» **ABOUT THIS EXERCISE**
Print, in exact form, the lines below from the one containing "#37=LINE('',#36,#35);" through the one containing "#45=LINE('',#44,#43);", and omit all others.

» **AVAILABLE RECORDS**

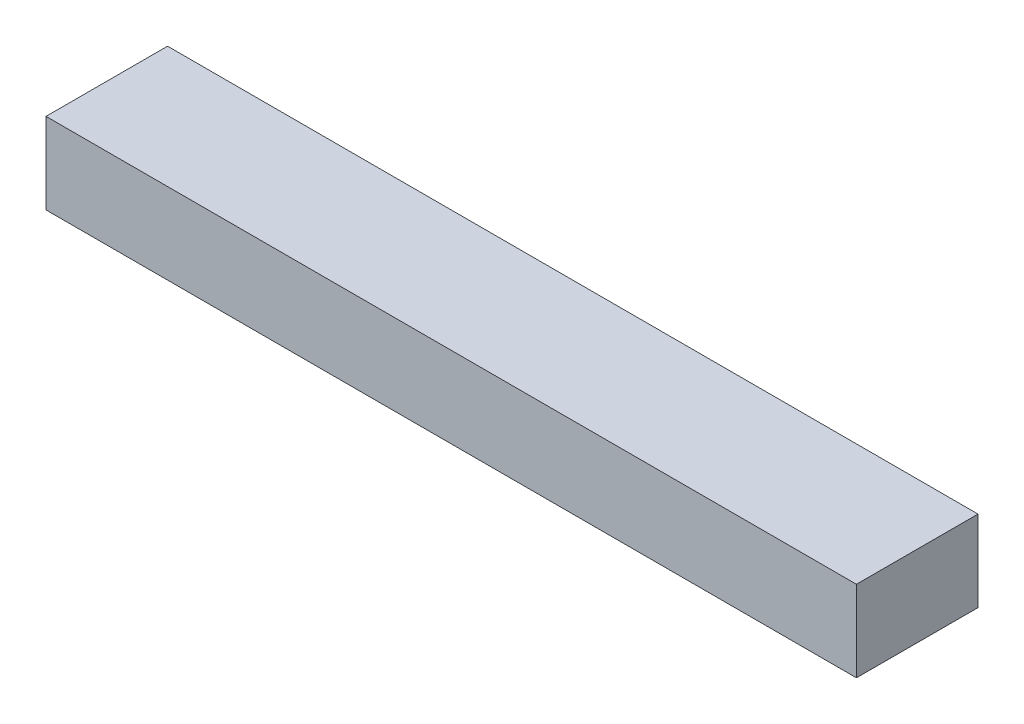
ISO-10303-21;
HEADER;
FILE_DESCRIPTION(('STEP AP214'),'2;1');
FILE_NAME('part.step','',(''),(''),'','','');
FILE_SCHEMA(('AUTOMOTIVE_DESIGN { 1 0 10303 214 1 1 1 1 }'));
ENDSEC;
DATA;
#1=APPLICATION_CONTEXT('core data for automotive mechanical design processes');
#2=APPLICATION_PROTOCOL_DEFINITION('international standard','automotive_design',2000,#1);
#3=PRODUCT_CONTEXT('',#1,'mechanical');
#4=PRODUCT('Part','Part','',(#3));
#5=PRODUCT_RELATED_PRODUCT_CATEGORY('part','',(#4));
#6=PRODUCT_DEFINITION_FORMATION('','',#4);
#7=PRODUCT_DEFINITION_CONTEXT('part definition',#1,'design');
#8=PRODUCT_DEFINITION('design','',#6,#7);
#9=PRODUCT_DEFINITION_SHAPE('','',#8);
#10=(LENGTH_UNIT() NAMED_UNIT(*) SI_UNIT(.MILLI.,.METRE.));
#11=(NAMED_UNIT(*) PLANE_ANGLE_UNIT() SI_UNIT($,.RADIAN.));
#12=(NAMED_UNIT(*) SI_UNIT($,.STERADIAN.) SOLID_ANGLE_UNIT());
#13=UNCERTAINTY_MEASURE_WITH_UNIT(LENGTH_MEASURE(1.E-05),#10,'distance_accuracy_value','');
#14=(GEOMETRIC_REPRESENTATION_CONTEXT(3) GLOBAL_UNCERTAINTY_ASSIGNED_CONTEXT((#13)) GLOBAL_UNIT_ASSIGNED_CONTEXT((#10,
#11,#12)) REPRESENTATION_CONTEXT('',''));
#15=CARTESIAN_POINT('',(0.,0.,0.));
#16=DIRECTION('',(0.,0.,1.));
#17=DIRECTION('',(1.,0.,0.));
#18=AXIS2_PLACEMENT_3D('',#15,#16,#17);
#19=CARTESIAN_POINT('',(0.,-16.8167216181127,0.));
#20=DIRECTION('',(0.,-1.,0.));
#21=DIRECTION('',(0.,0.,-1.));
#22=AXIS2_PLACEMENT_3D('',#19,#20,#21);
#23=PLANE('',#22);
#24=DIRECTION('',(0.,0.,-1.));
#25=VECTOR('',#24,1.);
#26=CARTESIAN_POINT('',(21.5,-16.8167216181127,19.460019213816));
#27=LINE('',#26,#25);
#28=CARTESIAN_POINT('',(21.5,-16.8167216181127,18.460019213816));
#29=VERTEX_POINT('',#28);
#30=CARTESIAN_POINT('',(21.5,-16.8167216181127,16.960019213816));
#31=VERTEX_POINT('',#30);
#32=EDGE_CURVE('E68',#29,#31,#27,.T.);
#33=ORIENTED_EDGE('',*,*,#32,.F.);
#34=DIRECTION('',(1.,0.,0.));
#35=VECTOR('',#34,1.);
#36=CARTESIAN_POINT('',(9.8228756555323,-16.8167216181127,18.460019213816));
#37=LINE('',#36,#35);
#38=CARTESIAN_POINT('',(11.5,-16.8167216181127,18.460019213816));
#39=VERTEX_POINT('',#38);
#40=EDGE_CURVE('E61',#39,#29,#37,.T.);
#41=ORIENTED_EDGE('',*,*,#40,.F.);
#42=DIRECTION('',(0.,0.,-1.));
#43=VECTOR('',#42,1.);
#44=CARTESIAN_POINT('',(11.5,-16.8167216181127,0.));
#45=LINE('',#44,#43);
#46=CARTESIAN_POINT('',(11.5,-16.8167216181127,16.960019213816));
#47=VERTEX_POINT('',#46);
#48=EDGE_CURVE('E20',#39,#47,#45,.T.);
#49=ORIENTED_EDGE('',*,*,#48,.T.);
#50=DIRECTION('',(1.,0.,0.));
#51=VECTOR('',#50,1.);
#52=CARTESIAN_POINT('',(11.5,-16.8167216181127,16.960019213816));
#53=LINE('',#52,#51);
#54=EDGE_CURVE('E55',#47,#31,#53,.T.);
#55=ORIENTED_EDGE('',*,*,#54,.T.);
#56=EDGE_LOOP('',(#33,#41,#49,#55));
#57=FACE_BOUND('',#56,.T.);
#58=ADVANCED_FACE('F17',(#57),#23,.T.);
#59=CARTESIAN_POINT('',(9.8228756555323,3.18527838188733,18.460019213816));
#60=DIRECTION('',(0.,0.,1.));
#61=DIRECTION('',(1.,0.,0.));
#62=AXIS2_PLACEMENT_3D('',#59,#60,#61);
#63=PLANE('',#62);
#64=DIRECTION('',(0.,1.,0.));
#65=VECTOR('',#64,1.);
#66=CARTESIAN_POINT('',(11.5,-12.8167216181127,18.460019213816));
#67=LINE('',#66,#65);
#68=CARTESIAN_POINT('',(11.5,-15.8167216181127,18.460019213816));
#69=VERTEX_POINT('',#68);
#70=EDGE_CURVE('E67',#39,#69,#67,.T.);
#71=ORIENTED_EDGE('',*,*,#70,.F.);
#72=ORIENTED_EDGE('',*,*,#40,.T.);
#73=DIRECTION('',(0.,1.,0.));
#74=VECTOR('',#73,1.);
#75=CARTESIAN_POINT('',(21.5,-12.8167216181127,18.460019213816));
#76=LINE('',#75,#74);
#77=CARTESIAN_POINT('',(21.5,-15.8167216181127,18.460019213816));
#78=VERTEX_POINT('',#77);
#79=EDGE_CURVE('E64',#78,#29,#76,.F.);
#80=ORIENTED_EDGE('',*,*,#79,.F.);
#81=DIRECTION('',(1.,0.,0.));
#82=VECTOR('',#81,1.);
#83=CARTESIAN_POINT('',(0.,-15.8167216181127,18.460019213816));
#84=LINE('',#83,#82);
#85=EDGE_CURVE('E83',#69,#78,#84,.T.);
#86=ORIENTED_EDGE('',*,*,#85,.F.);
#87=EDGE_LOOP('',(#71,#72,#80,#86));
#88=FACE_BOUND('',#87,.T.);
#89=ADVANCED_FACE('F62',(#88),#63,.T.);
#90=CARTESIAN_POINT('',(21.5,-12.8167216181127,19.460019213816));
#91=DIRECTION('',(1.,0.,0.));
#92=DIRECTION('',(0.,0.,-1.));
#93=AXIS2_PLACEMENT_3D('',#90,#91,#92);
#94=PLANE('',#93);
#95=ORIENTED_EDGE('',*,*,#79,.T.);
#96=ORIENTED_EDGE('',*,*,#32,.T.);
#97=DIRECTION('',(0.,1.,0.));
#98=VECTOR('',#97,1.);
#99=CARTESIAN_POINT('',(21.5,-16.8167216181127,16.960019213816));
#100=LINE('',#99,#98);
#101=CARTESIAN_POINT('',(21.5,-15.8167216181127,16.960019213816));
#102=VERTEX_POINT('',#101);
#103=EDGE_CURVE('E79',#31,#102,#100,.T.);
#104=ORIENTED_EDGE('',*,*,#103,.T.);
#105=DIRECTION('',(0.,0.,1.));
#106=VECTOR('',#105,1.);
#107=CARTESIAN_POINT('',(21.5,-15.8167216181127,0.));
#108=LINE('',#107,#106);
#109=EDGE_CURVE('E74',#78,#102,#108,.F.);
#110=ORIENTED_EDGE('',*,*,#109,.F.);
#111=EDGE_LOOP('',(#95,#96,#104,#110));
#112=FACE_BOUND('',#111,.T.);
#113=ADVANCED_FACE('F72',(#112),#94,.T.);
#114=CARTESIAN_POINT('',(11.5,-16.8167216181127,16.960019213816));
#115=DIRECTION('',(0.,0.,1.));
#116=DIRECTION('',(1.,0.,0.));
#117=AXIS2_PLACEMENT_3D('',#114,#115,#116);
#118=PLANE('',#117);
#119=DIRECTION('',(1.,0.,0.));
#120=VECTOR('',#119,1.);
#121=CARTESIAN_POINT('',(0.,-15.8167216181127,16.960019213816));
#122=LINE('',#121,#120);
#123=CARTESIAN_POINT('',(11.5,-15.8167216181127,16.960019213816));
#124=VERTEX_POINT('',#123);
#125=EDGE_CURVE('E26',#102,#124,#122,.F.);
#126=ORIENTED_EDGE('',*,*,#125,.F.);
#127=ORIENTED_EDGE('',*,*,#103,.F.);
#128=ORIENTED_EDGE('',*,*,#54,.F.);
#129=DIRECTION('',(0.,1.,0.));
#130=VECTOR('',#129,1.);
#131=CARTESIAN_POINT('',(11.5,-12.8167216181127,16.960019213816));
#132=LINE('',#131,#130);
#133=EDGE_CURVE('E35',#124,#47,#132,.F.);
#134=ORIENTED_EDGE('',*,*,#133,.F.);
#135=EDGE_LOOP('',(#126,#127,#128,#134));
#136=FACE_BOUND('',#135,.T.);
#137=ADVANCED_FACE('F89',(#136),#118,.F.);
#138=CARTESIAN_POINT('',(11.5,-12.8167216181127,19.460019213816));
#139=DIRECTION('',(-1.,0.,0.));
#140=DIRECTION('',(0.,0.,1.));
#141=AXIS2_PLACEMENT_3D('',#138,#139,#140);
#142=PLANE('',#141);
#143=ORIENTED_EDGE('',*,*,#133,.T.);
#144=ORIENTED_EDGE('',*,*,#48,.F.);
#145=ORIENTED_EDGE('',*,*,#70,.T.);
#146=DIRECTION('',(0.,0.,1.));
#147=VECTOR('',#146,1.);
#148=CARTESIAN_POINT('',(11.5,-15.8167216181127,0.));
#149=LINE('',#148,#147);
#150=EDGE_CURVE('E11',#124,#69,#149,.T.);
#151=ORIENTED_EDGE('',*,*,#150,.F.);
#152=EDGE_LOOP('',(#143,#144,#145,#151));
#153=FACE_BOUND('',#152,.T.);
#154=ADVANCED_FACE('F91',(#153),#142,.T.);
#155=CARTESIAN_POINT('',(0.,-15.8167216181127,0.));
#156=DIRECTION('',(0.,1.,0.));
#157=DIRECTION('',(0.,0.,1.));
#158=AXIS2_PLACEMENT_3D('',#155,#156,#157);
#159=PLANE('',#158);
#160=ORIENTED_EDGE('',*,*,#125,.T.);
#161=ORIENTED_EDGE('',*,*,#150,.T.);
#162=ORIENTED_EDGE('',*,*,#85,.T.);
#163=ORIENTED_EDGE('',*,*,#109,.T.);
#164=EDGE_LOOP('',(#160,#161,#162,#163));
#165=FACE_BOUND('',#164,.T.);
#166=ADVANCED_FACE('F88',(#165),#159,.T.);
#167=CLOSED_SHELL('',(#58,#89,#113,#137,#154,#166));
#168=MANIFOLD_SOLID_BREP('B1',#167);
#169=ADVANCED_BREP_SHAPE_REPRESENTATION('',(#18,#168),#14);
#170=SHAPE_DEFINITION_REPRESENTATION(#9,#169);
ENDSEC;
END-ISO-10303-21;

» **WRITTEN RESPONSE**
#37=LINE('',#36,#35);
#38=CARTESIAN_POINT('',(11.5,-16.8167216181127,18.460019213816));
#39=VERTEX_POINT('',#38);
#40=EDGE_CURVE('E61',#39,#29,#37,.T.);
#41=ORIENTED_EDGE('',*,*,#40,.F.);
#42=DIRECTION('',(0.,0.,-1.));
#43=VECTOR('',#42,1.);
#44=CARTESIAN_POINT('',(11.5,-16.8167216181127,0.));
#45=LINE('',#44,#43);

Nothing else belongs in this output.